Des arguments convaincants
Le couple a rapidement été convaincu de la pertinence de ces conseils. “Le premier rendez-vous leur a permis de découvrir la situation et d’en prendre acte, indique Fatima Oufkir. Au deuxième entretien, nous avons pu aborder la clause bénéficiaire démembrée et la prévoyance temporaire.” Les différents coûts ont été simulés et le montant du capital décès nécessaire a été ajusté. “Ils ont vraiment adhéré à nos préconisations, reprend la conseillère. Aujourd’hui, je les conseille sur d’autres produits et ils sont très ouverts.”
LA PROBLÉMATIQUE
M. et Mme X, respectivement 54 et 53 ans, forment une famille recomposée avec deux enfants communs mineurs et deux enfants d’un premier mariage de Monsieur. Tous deux sont cadres supérieurs mais Monsieur assure près de 75 % des revenus d’activité du foyer. Monsieur a souscrit une assurance-vie dont Madame est bénéficiaire. Tous deux disposent d’une prévoyance employeur.
LA SOLUTION MISE EN PLACE
- Démembrement de la clause bénéficiaire du contrat d’assurance-vie avec usufruit au profit de madame et nue-propriété au profit des deux enfants communs. Au deuxième rang, en cas de renonciation, de prédécès de Madame ou de divorce, au bénéfice des quatre enfants de Monsieur.

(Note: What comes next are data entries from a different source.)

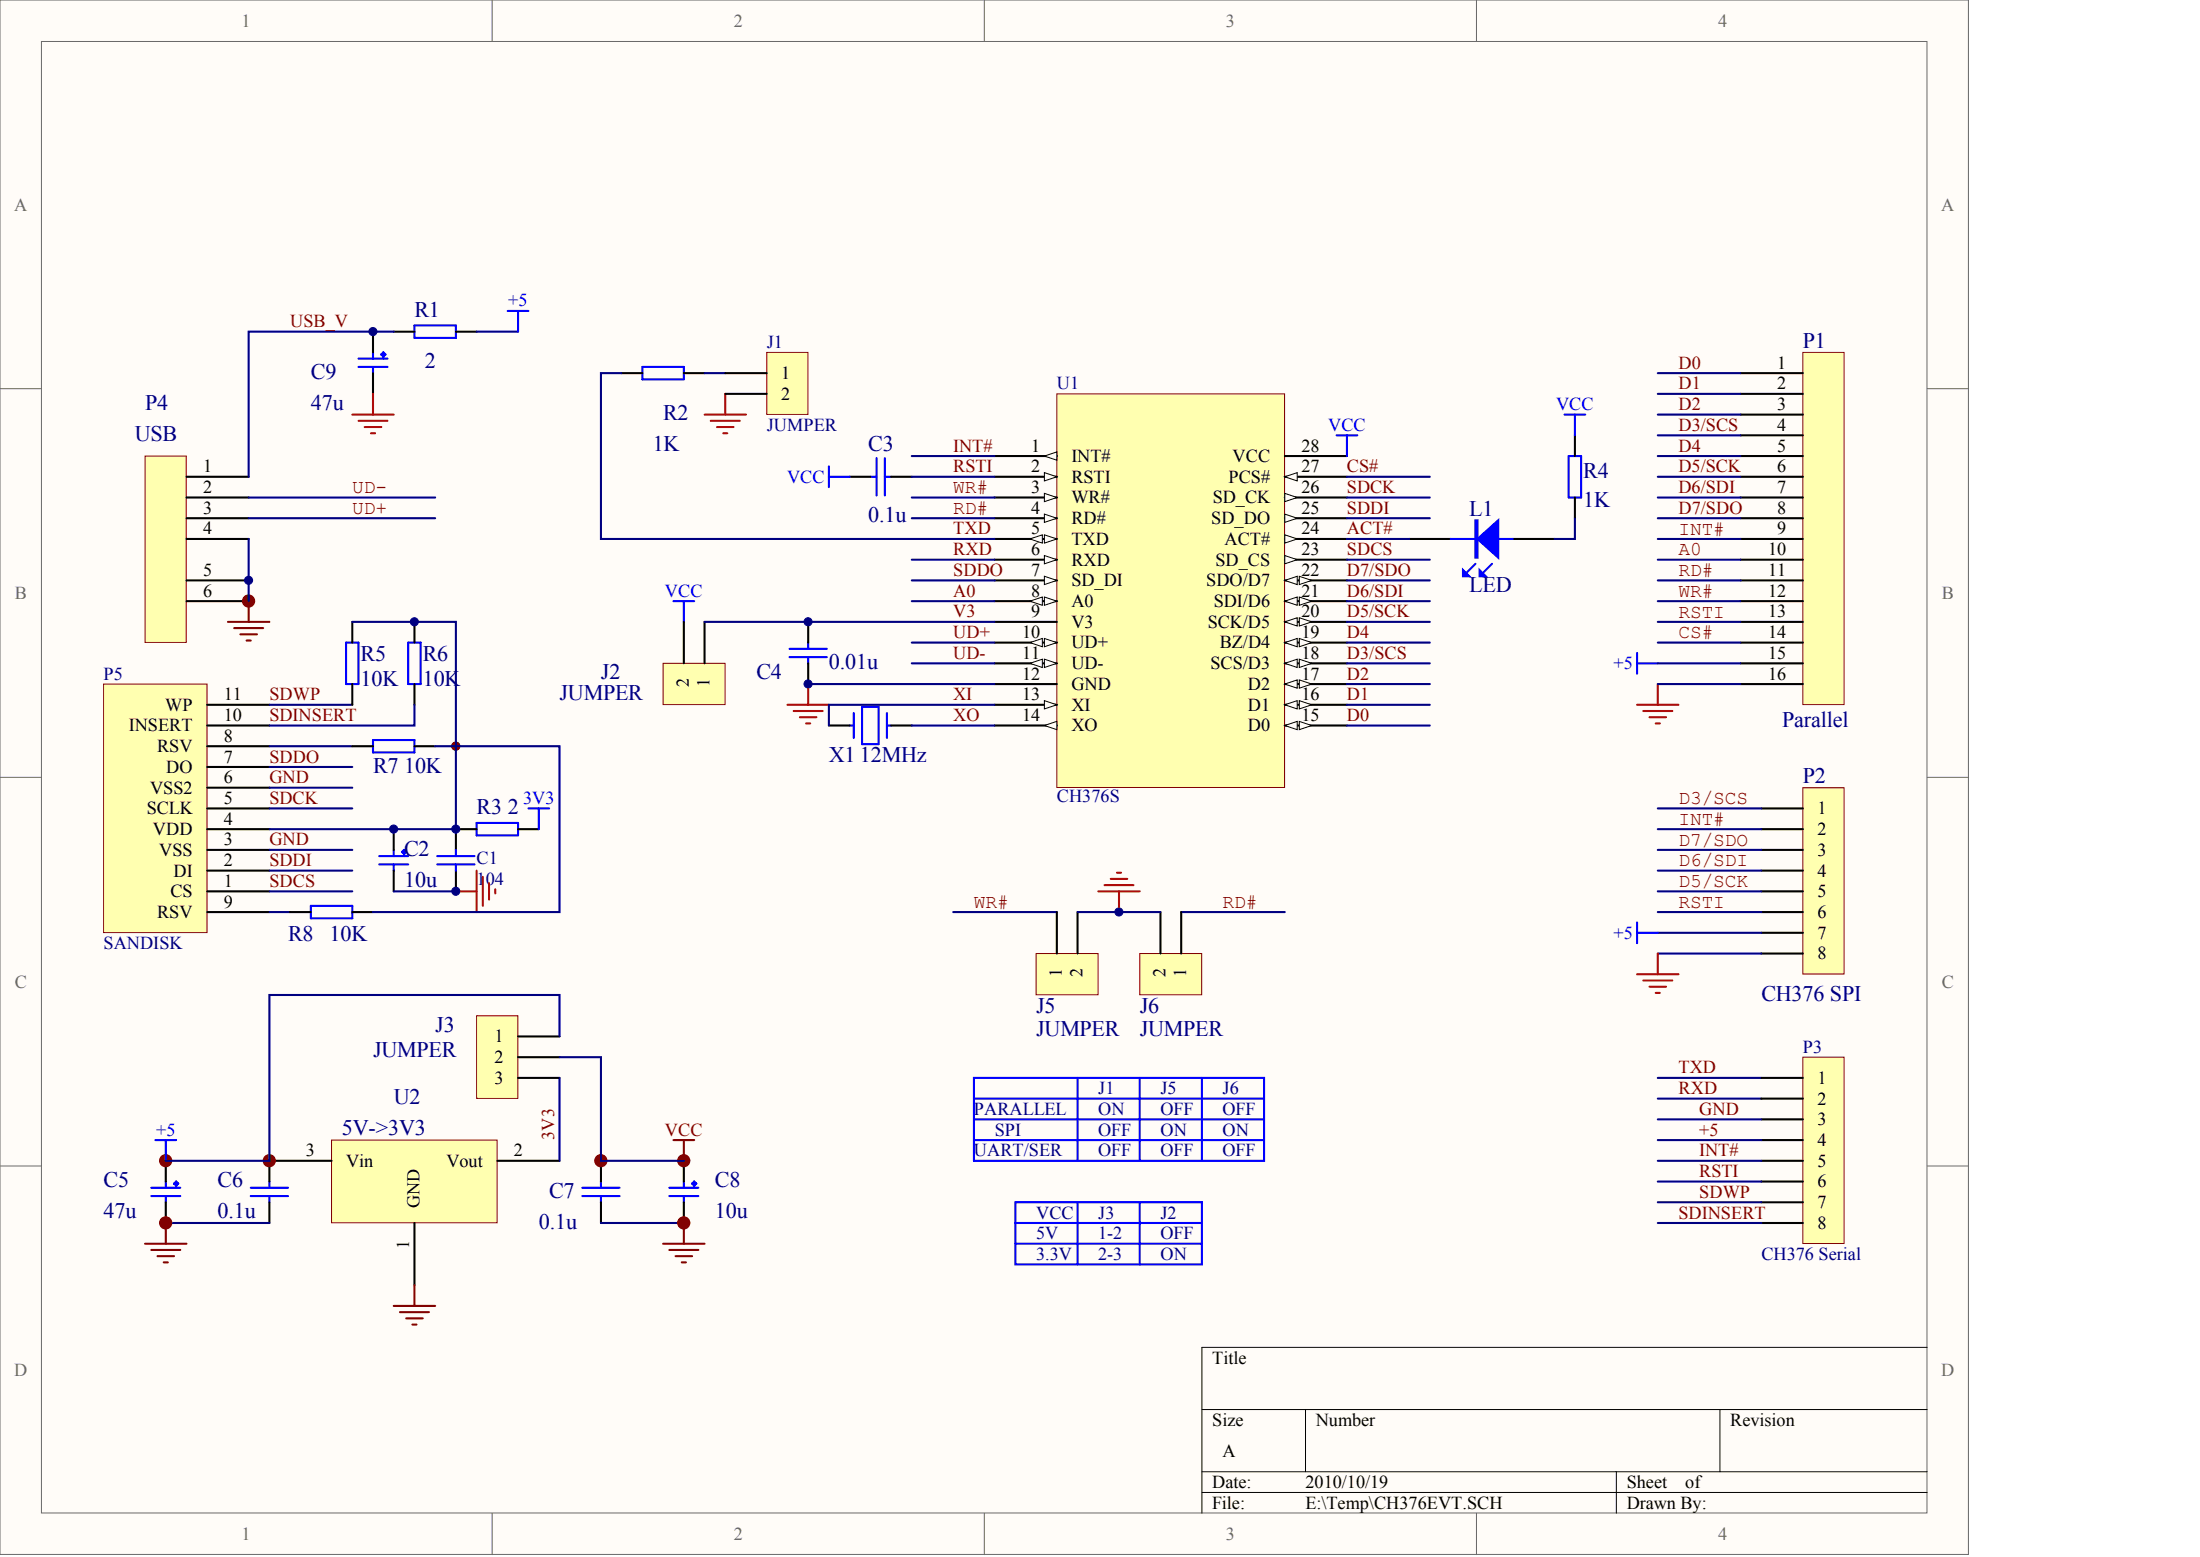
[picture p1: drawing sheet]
<svg xmlns="http://www.w3.org/2000/svg" width="840mm" height="594mm" viewBox="0 0 840 594" stroke-linecap="round" stroke-linejoin="round" font-family="sans-serif">
<g fill="#fffcf8" stroke="#696969" stroke-width=".38">
<path d="M0 0h751.2v593.1h-751.2z"/>
<path d="M15.8 15.8h719.6v561.5h-719.6z"/>
</g>
<path d="M187.8 0v15.8M375.7 0v15.8M563.5 0v15.8M0 148.3h15.8M735.5 148.3h15.8M0 296.6h15.8M735.5 296.6h15.8M0 444.9h15.8M735.5 444.9h15.8M187.8 577.4v15.8M375.7 577.4v15.8M563.5 577.4v15.8" fill="none" stroke="#696969" stroke-width=".38"/>
<path d="M735.5 514.1h-276.8v63.3M458.7 537.8h276.8M498.2 537.8v23.7M656.4 537.8v23.7M458.7 561.5h276.8M458.7 569.5h276.8M616.9 561.5v15.9" fill="none" stroke="#000" stroke-width=".38"/>
<g fill="#000080" stroke="#000080" stroke-width=".38">
<circle cx="63.2" cy="466.6" r="1.54"/>
<circle cx="63.2" cy="442.9" r="1.54"/>
<circle cx="94.9" cy="229.3" r="1.54"/>
<circle cx="102.8" cy="442.9" r="1.54"/>
<circle cx="173.9" cy="284.7" r="1.54"/>
<circle cx="229.3" cy="442.9" r="1.54"/>
<circle cx="260.9" cy="466.6" r="1.54"/>
<circle cx="260.9" cy="442.9" r="1.54"/>
</g>
<g fill="none" stroke="#00f" stroke-width=".79">
<path d="M57.7 456.4h11.1M57.7 453.2h11.1M63.3 450.8v2.4M63.3 456.4v2.3M66.4 451.6l.8 .8 .8-.8M66.4 451.6h1.6M67.2 450.8l-.8 .8M67.2 450.8l.8 .8M67.2 450.8v2.4M95.7 456.4h14.2M95.7 453.2h14.2M102.8 450.8v2.4"/>
<path d="M102.8 456.4v2.3"/>
</g>
<path d="M63.3 442.9v7.9M63.3 458.7v7.9M102.8 442.9v7.9M102.8 458.7v7.9" fill="none" stroke="#000" stroke-width=".79"/>
<path d="M55.4 474.5h15.8M57.7 476.9h11.1M60.1 479.3h6.3M63.3 466.6v7.9M62.5 481.7h1.6" fill="none" stroke="#800000" stroke-width=".79"/>
<path d="M126.5 435h63.2v31.6h-63.2z" fill="#ffffb0" stroke="#800000" stroke-width=".38"/>
<path d="M102.8 442.9h23.7M189.8 442.9h23.7M229.3 442.9v7.9M229.3 458.7v7.9M261 442.9v7.9M261 458.7v7.9M158.2 466.6v23.8" fill="none" stroke="#000" stroke-width=".79"/>
<g fill="none" stroke="#00f" stroke-width=".79">
<path d="M222.2 456.4h14.3M222.2 453.2h14.3M229.3 450.8v2.4M229.3 456.4v2.3M255.4 456.4h11.1M255.4 453.2h11.1M261 450.8v2.4M261 456.4v2.3M264.1 451.6l.8 .8 .8-.8M264.1 451.6h1.6M264.9 450.8l-.8 .8M264.9 450.8l.8 .8"/>
<path d="M264.9 450.8v2.4"/>
</g>
<path d="M257 435h7.9M261 435v7.9M253.1 474.5h15.8M255.4 476.9h11.1M257.8 479.3h6.3M261 466.6v7.9M150.3 498.3h15.8M158.2 490.4v7.9M260.2 481.7h1.6M152.6 500.6h11.1M155 503h6.3M157.4 505.4h1.6" fill="none" stroke="#800000" stroke-width=".79"/>
<path d="M63.3 466.6h39.5M229.3 466.6h31.7" fill="none" stroke="#000080" stroke-width=".79"/>
<g fill="#800000" stroke="#800000" stroke-width=".38">
<circle cx="229.3" cy="442.9" r="2.33"/>
<circle cx="63.2" cy="442.9" r="2.33"/>
<circle cx="63.2" cy="466.6" r="2.33"/>
<circle cx="260.9" cy="442.9" r="2.33"/>
<circle cx="260.9" cy="466.6" r="2.33"/>
<circle cx="102.8" cy="442.9" r="2.33"/>
</g>
<path d="M55.4 174h15.7v71.1h-15.7z" fill="#ffffb0" stroke="#800000" stroke-width=".38"/>
<path d="M150.3 126.6h7.9M174 126.6h7.9M237.3 142.4h7.9M261 142.4h7.9M71.2 181.9h23.7M71.2 189.8h23.7M71.2 197.7h23.7M71.2 205.6h23.7M71.2 221.5h23.7M71.2 229.4h23.7M316.3 276.8h7.9M340.1 276.8h7.9" fill="none" stroke="#000" stroke-width=".79"/>
<path d="M87 237.3h15.8M89.4 239.7h11M94.9 229.4v7.9M91.7 242h6.4M94.1 244.4h1.6" fill="none" stroke="#800000" stroke-width=".79"/>
<path d="M193.8 118.6h7.9M197.7 118.6v8M158.2 124.2h15.8v4.7h-15.8zM245.2 140h15.8v4.7h-15.8zM324.2 276.8h1.6M325.8 272.1v9.5M329 269.7h6.3v14.2h-6.3zM338.5 272.1v9.5M338.5 276.8h1.6M59.3 435h7.9M63.3 435v7.9" fill="none" stroke="#00f" stroke-width=".79"/>
<path d="M150.3 126.6h-55.4v55.3M181.9 126.6h15.8M94.9 189.8h71.2M94.9 197.7h71.2M94.9 205.6v23.8" fill="none" stroke="#000080" stroke-width=".79"/>
<circle cx="94.9" cy="229.3" r="2.33" fill="#800000" stroke="#800000" stroke-width=".38"/>
<path d="M268.9 158.2h15.8M276.8 150.3v7.9M271.3 160.6h11M273.6 162.9h6.4M276 165.3h1.6" fill="none" stroke="#f00" stroke-width=".79"/>
<path d="M688 134.5h15.8v134.3h-15.8z" fill="#ffffb0" stroke="#800000" stroke-width=".38"/>
<g fill="none" stroke="#000" stroke-width=".79">
<path d="M664.3 142.4h23.7M664.3 150.3h23.7M664.3 158.2h23.7M664.3 166.1h23.7M664.3 174h23.7M664.3 181.9h23.7M664.3 189.8h23.7M664.3 197.7h23.7M664.3 205.6h23.7M664.3 213.6h23.7M664.3 221.5h23.7M664.3 229.4h23.7"/>
<path d="M664.3 237.3h23.7M664.3 245.2h23.7M664.3 253.1h23.7M664.3 261h23.7"/>
</g>
<path d="M624.8 249.1v8M624.8 253.1h7.9" fill="none" stroke="#00f" stroke-width=".79"/>
<path d="M624.8 268.9h15.8M627.1 271.3h11.1M629.5 273.7h6.3M631.9 276h1.6M632.7 261v7.9" fill="none" stroke="#f00" stroke-width=".79"/>
<g fill="none" stroke="#000080" stroke-width=".79">
<path d="M632.7 142.4h31.6M632.7 150.3h31.6M632.7 158.2h31.6M632.7 166.1h31.6M632.7 174h31.6M632.7 197.7h31.6M632.7 181.9h31.6M632.7 189.8h31.6M632.7 213.6h31.6M632.7 205.6h31.6M632.7 237.3h31.6M632.7 229.4h31.6"/>
<path d="M632.7 221.5h31.6M632.7 253.1h31.6M632.7 245.2h31.6M632.7 261h31.6"/>
</g>
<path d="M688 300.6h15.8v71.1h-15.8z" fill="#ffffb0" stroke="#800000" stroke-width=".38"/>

- Souscription par Monsieur d’une prévoyance décès temporaire avec un capital de 300 000 euros au profit de Madame jusqu’à son départ en retraite afin de maintenir le train de vie de Madame et de financer l’éducation des enfants.
CONTEXTE FISCAL
- Taxation du contrat d’assurance-vie : usufruitier et nus-propriétaires sont considérés fiscalement comme bénéficiaires au prorata de la part de capital qui leur revient (selon barème prévu à l’article 669 du Code général des impôts), abattement de 152 500 euros par couple “usufruitier/nu-propriétaire” selon ce même prorata (la fraction d’abattement non utilisée par le conjoint survivant – qui est exonéré – ne bénéficie pas aux autres) à considérer tous contrats confondus ; taxation à 20 % par bénéficiaire jusqu’à 700 000 euros et à 31,25 % au-delà (hors prélèvements sociaux).
- Capital décès versé au conjoint exonéré de fiscalité. Pour les autres éventuels bénéficiaires, fiscalité assise sur la dernière prime annuelle versée avant 70 ans.